→ Data for this exercise

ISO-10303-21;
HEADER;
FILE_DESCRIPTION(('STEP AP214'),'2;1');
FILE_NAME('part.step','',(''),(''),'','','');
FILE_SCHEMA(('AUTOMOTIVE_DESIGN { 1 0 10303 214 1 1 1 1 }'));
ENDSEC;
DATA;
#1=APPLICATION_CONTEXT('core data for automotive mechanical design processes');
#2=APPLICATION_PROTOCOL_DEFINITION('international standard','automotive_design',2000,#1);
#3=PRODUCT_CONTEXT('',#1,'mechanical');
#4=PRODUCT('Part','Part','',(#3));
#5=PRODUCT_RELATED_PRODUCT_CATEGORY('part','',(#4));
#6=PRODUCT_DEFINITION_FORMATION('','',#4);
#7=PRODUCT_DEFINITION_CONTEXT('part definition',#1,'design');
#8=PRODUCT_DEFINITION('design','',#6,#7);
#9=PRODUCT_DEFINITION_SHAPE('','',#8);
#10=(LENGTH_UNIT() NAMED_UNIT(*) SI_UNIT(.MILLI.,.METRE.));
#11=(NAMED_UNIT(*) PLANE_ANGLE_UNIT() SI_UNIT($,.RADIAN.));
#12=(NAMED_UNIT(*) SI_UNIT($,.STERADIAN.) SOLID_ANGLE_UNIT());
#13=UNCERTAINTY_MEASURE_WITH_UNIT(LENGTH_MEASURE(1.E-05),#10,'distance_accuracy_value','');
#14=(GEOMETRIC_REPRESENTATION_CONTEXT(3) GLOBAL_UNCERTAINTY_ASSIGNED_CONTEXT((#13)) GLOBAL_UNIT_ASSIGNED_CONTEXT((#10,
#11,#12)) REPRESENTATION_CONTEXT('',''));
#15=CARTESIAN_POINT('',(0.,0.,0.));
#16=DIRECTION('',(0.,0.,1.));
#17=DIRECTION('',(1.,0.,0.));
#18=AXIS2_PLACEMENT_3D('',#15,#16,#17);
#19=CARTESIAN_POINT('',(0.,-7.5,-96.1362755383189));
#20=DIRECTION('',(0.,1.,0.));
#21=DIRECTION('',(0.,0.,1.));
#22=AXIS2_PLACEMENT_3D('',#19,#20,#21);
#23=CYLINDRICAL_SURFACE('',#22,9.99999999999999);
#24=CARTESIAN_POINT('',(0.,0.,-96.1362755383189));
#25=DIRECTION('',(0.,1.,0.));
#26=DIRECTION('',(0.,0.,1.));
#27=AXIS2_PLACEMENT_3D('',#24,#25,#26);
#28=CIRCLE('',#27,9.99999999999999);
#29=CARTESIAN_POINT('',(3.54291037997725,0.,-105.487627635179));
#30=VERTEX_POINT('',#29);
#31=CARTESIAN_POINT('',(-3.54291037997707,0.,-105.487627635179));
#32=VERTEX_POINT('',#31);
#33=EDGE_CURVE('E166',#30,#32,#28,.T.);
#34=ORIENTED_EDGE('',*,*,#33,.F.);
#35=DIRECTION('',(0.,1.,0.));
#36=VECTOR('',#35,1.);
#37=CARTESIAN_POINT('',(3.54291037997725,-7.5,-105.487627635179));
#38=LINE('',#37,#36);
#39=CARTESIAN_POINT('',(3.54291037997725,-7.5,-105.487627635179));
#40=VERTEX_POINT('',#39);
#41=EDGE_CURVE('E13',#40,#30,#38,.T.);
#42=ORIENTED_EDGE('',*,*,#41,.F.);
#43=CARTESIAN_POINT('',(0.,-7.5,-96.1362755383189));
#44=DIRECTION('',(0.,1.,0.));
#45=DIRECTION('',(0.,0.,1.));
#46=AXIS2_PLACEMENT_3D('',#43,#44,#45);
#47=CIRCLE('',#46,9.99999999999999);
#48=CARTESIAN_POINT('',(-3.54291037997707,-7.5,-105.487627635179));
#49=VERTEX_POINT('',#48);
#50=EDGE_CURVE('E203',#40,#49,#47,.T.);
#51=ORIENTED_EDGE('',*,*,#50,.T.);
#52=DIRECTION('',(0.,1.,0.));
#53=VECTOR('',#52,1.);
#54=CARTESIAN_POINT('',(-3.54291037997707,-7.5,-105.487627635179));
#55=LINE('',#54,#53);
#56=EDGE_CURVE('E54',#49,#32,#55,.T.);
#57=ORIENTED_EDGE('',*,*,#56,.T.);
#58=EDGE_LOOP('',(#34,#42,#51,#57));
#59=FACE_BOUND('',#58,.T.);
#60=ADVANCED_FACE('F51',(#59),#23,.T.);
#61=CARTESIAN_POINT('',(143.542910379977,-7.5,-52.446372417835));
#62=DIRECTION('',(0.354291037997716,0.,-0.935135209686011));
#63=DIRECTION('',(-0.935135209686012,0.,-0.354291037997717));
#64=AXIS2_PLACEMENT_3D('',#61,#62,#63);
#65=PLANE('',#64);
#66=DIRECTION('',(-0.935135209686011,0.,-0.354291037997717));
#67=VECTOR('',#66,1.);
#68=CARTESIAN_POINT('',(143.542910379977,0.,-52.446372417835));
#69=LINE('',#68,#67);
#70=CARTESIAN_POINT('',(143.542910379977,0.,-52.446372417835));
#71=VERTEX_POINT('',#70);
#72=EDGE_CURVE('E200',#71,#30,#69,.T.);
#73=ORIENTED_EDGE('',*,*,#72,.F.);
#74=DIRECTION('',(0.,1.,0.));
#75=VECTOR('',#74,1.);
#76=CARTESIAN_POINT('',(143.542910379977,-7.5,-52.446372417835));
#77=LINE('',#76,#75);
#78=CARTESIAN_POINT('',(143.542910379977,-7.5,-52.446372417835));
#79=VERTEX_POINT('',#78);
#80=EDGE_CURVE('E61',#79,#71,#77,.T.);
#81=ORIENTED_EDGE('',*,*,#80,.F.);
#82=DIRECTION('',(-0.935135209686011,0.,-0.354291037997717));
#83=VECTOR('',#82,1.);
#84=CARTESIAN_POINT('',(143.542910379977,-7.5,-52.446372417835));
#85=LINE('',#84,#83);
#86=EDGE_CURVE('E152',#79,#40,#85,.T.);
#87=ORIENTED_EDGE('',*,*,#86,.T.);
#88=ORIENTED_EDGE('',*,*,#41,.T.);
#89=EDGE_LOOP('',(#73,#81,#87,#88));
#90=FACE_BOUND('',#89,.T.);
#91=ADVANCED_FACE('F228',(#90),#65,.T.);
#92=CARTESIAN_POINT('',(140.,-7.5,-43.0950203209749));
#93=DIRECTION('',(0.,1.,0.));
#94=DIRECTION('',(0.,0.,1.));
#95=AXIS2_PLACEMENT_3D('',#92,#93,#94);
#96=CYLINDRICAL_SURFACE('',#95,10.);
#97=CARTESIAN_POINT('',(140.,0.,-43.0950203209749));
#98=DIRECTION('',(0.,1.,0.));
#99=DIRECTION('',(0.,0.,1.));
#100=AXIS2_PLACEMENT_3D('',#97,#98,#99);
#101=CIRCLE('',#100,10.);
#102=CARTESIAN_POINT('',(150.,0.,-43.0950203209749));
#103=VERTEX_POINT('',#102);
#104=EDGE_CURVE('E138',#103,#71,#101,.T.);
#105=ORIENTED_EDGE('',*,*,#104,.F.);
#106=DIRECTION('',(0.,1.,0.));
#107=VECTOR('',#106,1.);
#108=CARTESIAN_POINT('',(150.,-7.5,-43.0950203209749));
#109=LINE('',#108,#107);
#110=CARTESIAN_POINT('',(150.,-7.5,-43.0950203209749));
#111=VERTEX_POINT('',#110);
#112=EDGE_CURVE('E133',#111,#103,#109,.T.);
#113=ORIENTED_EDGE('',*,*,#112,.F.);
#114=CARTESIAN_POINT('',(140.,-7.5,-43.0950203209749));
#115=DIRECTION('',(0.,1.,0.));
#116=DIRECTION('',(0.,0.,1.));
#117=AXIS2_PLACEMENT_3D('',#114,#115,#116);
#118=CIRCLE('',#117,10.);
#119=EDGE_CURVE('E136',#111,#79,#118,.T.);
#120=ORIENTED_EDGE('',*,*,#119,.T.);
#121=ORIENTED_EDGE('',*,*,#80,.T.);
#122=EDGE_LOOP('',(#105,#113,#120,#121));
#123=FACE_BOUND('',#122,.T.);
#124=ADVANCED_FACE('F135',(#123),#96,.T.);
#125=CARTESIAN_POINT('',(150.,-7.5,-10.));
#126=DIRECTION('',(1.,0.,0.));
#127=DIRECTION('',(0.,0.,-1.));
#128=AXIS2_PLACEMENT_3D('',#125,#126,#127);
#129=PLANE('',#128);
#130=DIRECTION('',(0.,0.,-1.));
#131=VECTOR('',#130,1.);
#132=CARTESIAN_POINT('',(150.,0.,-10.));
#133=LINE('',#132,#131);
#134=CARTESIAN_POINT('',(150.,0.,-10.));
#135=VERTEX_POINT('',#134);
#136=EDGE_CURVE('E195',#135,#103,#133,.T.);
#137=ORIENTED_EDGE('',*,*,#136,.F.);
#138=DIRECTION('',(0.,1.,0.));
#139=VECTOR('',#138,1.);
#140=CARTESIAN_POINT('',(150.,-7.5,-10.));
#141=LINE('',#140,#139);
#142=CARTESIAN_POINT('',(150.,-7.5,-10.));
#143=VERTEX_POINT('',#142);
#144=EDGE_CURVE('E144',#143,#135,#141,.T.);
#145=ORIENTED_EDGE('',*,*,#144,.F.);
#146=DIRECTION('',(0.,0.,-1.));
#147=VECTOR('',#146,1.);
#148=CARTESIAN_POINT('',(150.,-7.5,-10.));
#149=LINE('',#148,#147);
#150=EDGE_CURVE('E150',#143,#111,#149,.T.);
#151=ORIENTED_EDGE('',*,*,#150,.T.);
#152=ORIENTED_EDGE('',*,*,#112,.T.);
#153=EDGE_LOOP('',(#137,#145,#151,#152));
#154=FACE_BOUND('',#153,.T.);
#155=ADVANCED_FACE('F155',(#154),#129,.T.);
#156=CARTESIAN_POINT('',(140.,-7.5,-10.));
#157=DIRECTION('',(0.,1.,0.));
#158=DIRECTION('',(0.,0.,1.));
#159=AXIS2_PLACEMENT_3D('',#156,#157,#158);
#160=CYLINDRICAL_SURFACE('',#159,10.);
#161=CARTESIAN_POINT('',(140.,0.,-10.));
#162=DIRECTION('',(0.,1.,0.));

→ Work item
From the data above, output only the lines between the line containing "#115=DIRECTION('',(0.,1.,0.));" and the line containing "#124=ADVANCED_FACE('F135',(#123),#96,.T.);", inclusive, exactly as written.

→ Solution below
#115=DIRECTION('',(0.,1.,0.));
#116=DIRECTION('',(0.,0.,1.));
#117=AXIS2_PLACEMENT_3D('',#114,#115,#116);
#118=CIRCLE('',#117,10.);
#119=EDGE_CURVE('E136',#111,#79,#118,.T.);
#120=ORIENTED_EDGE('',*,*,#119,.T.);
#121=ORIENTED_EDGE('',*,*,#80,.T.);
#122=EDGE_LOOP('',(#105,#113,#120,#121));
#123=FACE_BOUND('',#122,.T.);
#124=ADVANCED_FACE('F135',(#123),#96,.T.);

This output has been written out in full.